Saturday, May 8, 2010

What Next in the War on Terror?

They believe in a religion that is grounded in the 13th century.
If someone insults the pope, he doesn't send people out to kill you.
If you insult a Rabbi he doesn't send people out to blow you up.
These people do.
Their beliefs haven't evolved like Christianity and Judaism.
Those two are thousands of years old.
Islam is 700 years old.
A guy, usually a minority, gets drawn into or is a member of the community of Islam and typically is doing okay in America, then he has marital problems, and financial problems.
He gets depressed and wants to die, and rather than die a loser, he can die as a hero.
They convince themselves that they are acting as weapons of Islam.
We kill some Muslims in Afghanistan and they try to kill some of us.
Sometimes they use this as an excuse for their own failures .
Sometimes their frame of mind is, "They killed a hundred of us, in this or that village so we are going to kill a hundred of them."

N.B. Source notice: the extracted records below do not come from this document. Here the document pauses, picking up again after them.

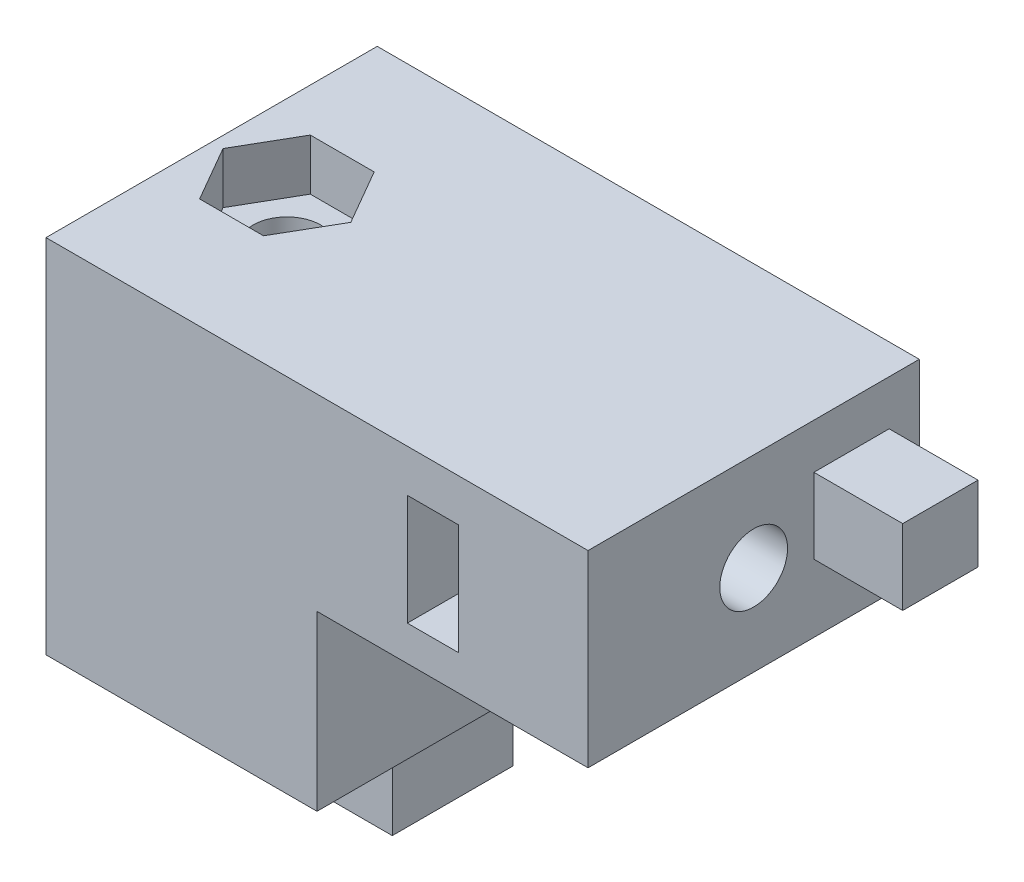
SolidWorks part; units mm, degrees
ref_plane "Спереди" through (0, 0, 0) normal (0, 0, 1) x (1, 0, 0)
ref_plane "Сверху" through (0, 0, 0) normal (0, 1, 0) x (1, 0, 0)
ref_plane "Справа" through (0, 0, 0) normal (1, 0, 0) x (0, 0, -1)
other "Configuration Table"
sketch "Профиль смещённой опоры" plane through (0, 0, 0) normal (0, 0, 1) x (1, 0, 0)
  line L0 (0, 0) -> (18, 0)
  line L1 (18, 0) -> (18, 11.5)
  line L2 (18, 11.5) -> (36, 11.5)
  line L3 (36, 11.5) -> (36, 24)
  line L4 (36, 24) -> (0, 24)
  line L5 (0, 24) -> (0, 0)
  dimension "X001" = 18
  dimension "X002" = 36
  dimension "Y001" = 11.5
  dimension "Y002" = 24
extrude "Корпус смещённой опоры" add sketch "Профиль смещённой опоры" along normal blind 22
sketch "Шип в основание — эскиз" plane through (0, 0, 0) normal (0, 1, 0) x (1, 0, 0)
  line L0 (10, -7) -> (16, -7)
  line L1 (16, -7) -> (16, -15)
  line L2 (16, -15) -> (10, -15)
  line L3 (10, -15) -> (10, -7)
  dimension "X001" = 10
  dimension "X002" = 16
  dimension "Y001" = 15
  dimension "Y002" = 7
extrude "Шип в основание" add sketch "Шип в основание — эскиз" against normal blind 5.9
sketch "Шип в заднюю стенку — эскиз" plane through (36, 0, 0) normal (1, 0, 0) x (0, 0, -1)
  line L0 (-2, 16) -> (-2, 21)
  line L1 (-2, 21) -> (-7, 21)
  line L2 (-7, 21) -> (-7, 16)
  line L3 (-7, 16) -> (-2, 16)
  dimension "X001" = 7
  dimension "X002" = 2
  dimension "Y001" = 16
  dimension "Y002" = 21
extrude "Шип в заднюю стенку" add sketch "Шип в заднюю стенку — эскиз" along normal blind 5.9
sketch "Осевой проход М4 к основанию — эскиз" plane through (0, 0, 0) normal (0, 1, 0) x (1, 0, 0)
  circle A0 centre (5, -11) radius 2.25
  dimension "Диаметр001" = 4.5
  dimension "X001" = 5
  dimension "Y001" = 11
extrude "Осевой проход М4 к основанию" cut sketch "Осевой проход М4 к основанию — эскиз" against normal through all and the other way through all
sketch "Осевой проход М4 к стенке — эскиз" plane through (36, 0, 0) normal (1, 0, 0) x (0, 0, -1)
  circle A0 centre (-11, 17.5) radius 2.25
  dimension "Диаметр001" = 4.5
  dimension "X001" = 11
  dimension "Y001" = 17.5
extrude "Осевой проход М4 к стенке" cut sketch "Осевой проход М4 к стенке — эскиз" against normal through all and the other way through all
sketch "Гнездо верхней гайки М4 — эскиз" plane through (0, 24, 0) normal (0, 1, 0) x (1, 0, 0)
  line L0 (9.2435, -11) -> (7.1218, -14.675)
  line L1 (7.1218, -14.675) -> (2.8782, -14.675)
  line L2 (2.8782, -14.675) -> (0.7565, -11)
  line L3 (0.7565, -11) -> (2.8782, -7.325)
  line L4 (2.8782, -7.325) -> (7.1218, -7.325)
  line L5 (7.1218, -7.325) -> (9.2435, -11)
  dimension "X001" = 0.7565
  dimension "X002" = 2.8782
  dimension "X003" = 7.1218
  dimension "X004" = 9.2435
  dimension "Y001" = 14.675
  dimension "Y002" = 11
  dimension "Y003" = 7.325
extrude "Гнездо верхней гайки М4" cut sketch "Гнездо верхней гайки М4 — эскиз" against normal blind 3.4
sketch "Боковая закладная гайка М4 — эскиз" plane through (0, 0, 0) normal (0, 0, 1) x (1, 0, 0)
  line L0 (24, 13.825) -> (27.4, 13.825)
  line L1 (27.4, 13.825) -> (27.4, 21.175)
  line L2 (27.4, 21.175) -> (24, 21.175)
  line L3 (24, 21.175) -> (24, 13.825)
  dimension "X001" = 24
  dimension "X002" = 27.4
  dimension "Y001" = 13.825
  dimension "Y002" = 21.175
extrude "Боковая закладная гайка М4" cut sketch "Боковая закладная гайка М4 — эскиз" against normal through all and the other way through all
equation "\"Глубина опоры\" = 35.9999999999924"
equation "\"Ширина опоры\" = 22"
equation "\"X001@Профиль смещённой опоры\" = (1*(18))"
equation "\"X002@Профиль смещённой опоры\" = (1*(\"Глубина опоры\"))"
equation "\"Y001@Профиль смещённой опоры\" = (1*(11.5))"
equation "\"Y002@Профиль смещённой опоры\" = (1*(24))"
equation "\"D1@Корпус смещённой опоры\" = \"Ширина опоры\""

We need to fight these Jihadi with power and vigor.
We have to be honest with each other, Islam, or at least a significant portion of it, has declared those who don't follow their religion to be the enemy.
They don't wish to be brought into the 21st Century, they think the 13th century was better.
They see influence with their atavistic religion as blasphemy.
Their beliefs codify oppression of Jews and Christians, and returning woman to the "good old days", when one could beat and rape his wife, and she was a slave.
That's the bottom line.
As you can plainly see in Afghanistan and Gaza, when this portion of Islam gains power they are brutal to the extreme.

To me, however, the most obvious crimes of these Islamic  Republican Governments or regimes is their treatment of women.

The religion is primitive
We have to fight them, but I do think one idea might help a little.
We should change our role in Afghanistan to where we are bombing less and causing less casualties.
We should, the civilized world, tell the Muslim countries that are brutalizing and enslaving women, that this is a crime, and we are not  going to tolerate it.
The burka is not a fashion statement, it is a sign if inferiority, a sign of submission.
In Afghanistan women are forced to wear burkas that cover them head to foot, with a small gauze outlet, so that a man can't get a good look at her eyes and be tempted to rape her.

Their have been women in Islamic countries that have been sentenced to be publicly whipped, after reporting a rape.
Because Islamic judges determined that the women in question seduced the rapist by, perhaps a glimpse of hair, or not having the gauze over her eyes, or dancing.

Some people have said to me, "Well, that's their custom, it's not up to us to make them change their customs."

If their customs allow them to brutalize woman and girls, and basically prevent a female from having any opportunities in life other than having babies on demand, and their customs allow men to beat women for whatever reason,
 We have every right in the world to interfere.

We have the duty to interfere.
Women's groups in Afghanistan have ask for protection, what the military calls security.
      One important factor in our thinking should be a consideration of what the impact of casualties will be over time.
A certain amount of innocent people will be killed in any type of warfare, what is the impact of that going to be?
Imagine you are sitting at home, you haven't done anything harmful, and suddenly a missile crashes through your roof and wipes out half your family.
Then you walk up and down the street, and your neighbors homes have been bombed too.
People are killed and crippled all around you.
Then imagine the military shows up and says, "Well, we were after so and so, and to get to him we had to soften up this area. Sorry. It's for a good cause."
Or, "We shelled your house by mistake."
I'm just wondering, will we be creating as many terrorists as we kill?
I'm just wondering what the ratio would be, 10 terrorists for every innocent person we shell?
Less or more?

Afghanistan is asymmetrical warfare, we are not going to conquer the Radical Islamicists in the usual sense of the word.
What we may need to do in Afghanistan is change the focus of the mission from killing Taliban members to protecting the people of Afghanistan.
Afghanistan women's groups have asked for security, for protection of the schools where girls are learning, for the first time in their lives, many of them.
They have been told that we can't afford it, or in the words of one Congressman, "We expect you to take care of that yourselves."
If we were dealing directly with women's rights, at least the women of Afghanistan would support us.
Slavery is wrong, whether the slave is black or white or male or female.
The literal enslavement of women in Afghanistan  is a horror that goes unremarked upon for the most part.

I saw an interview with an Afghanistani woman recently, she had 8 kids, she didn't want anymore, but her husband did.
She was asked, "Who will make the decision?"
She pointed to her husband and said, "He does. We have no choice."
The  reporter, a woman, asked, "Do you know what rape is?"
The woman's eyes grew large, and she looked uncomprehending, "No." she answered, quietly.

This abuse of human beings should be stopped.
That should be the focus of our efforts in Afghanistan.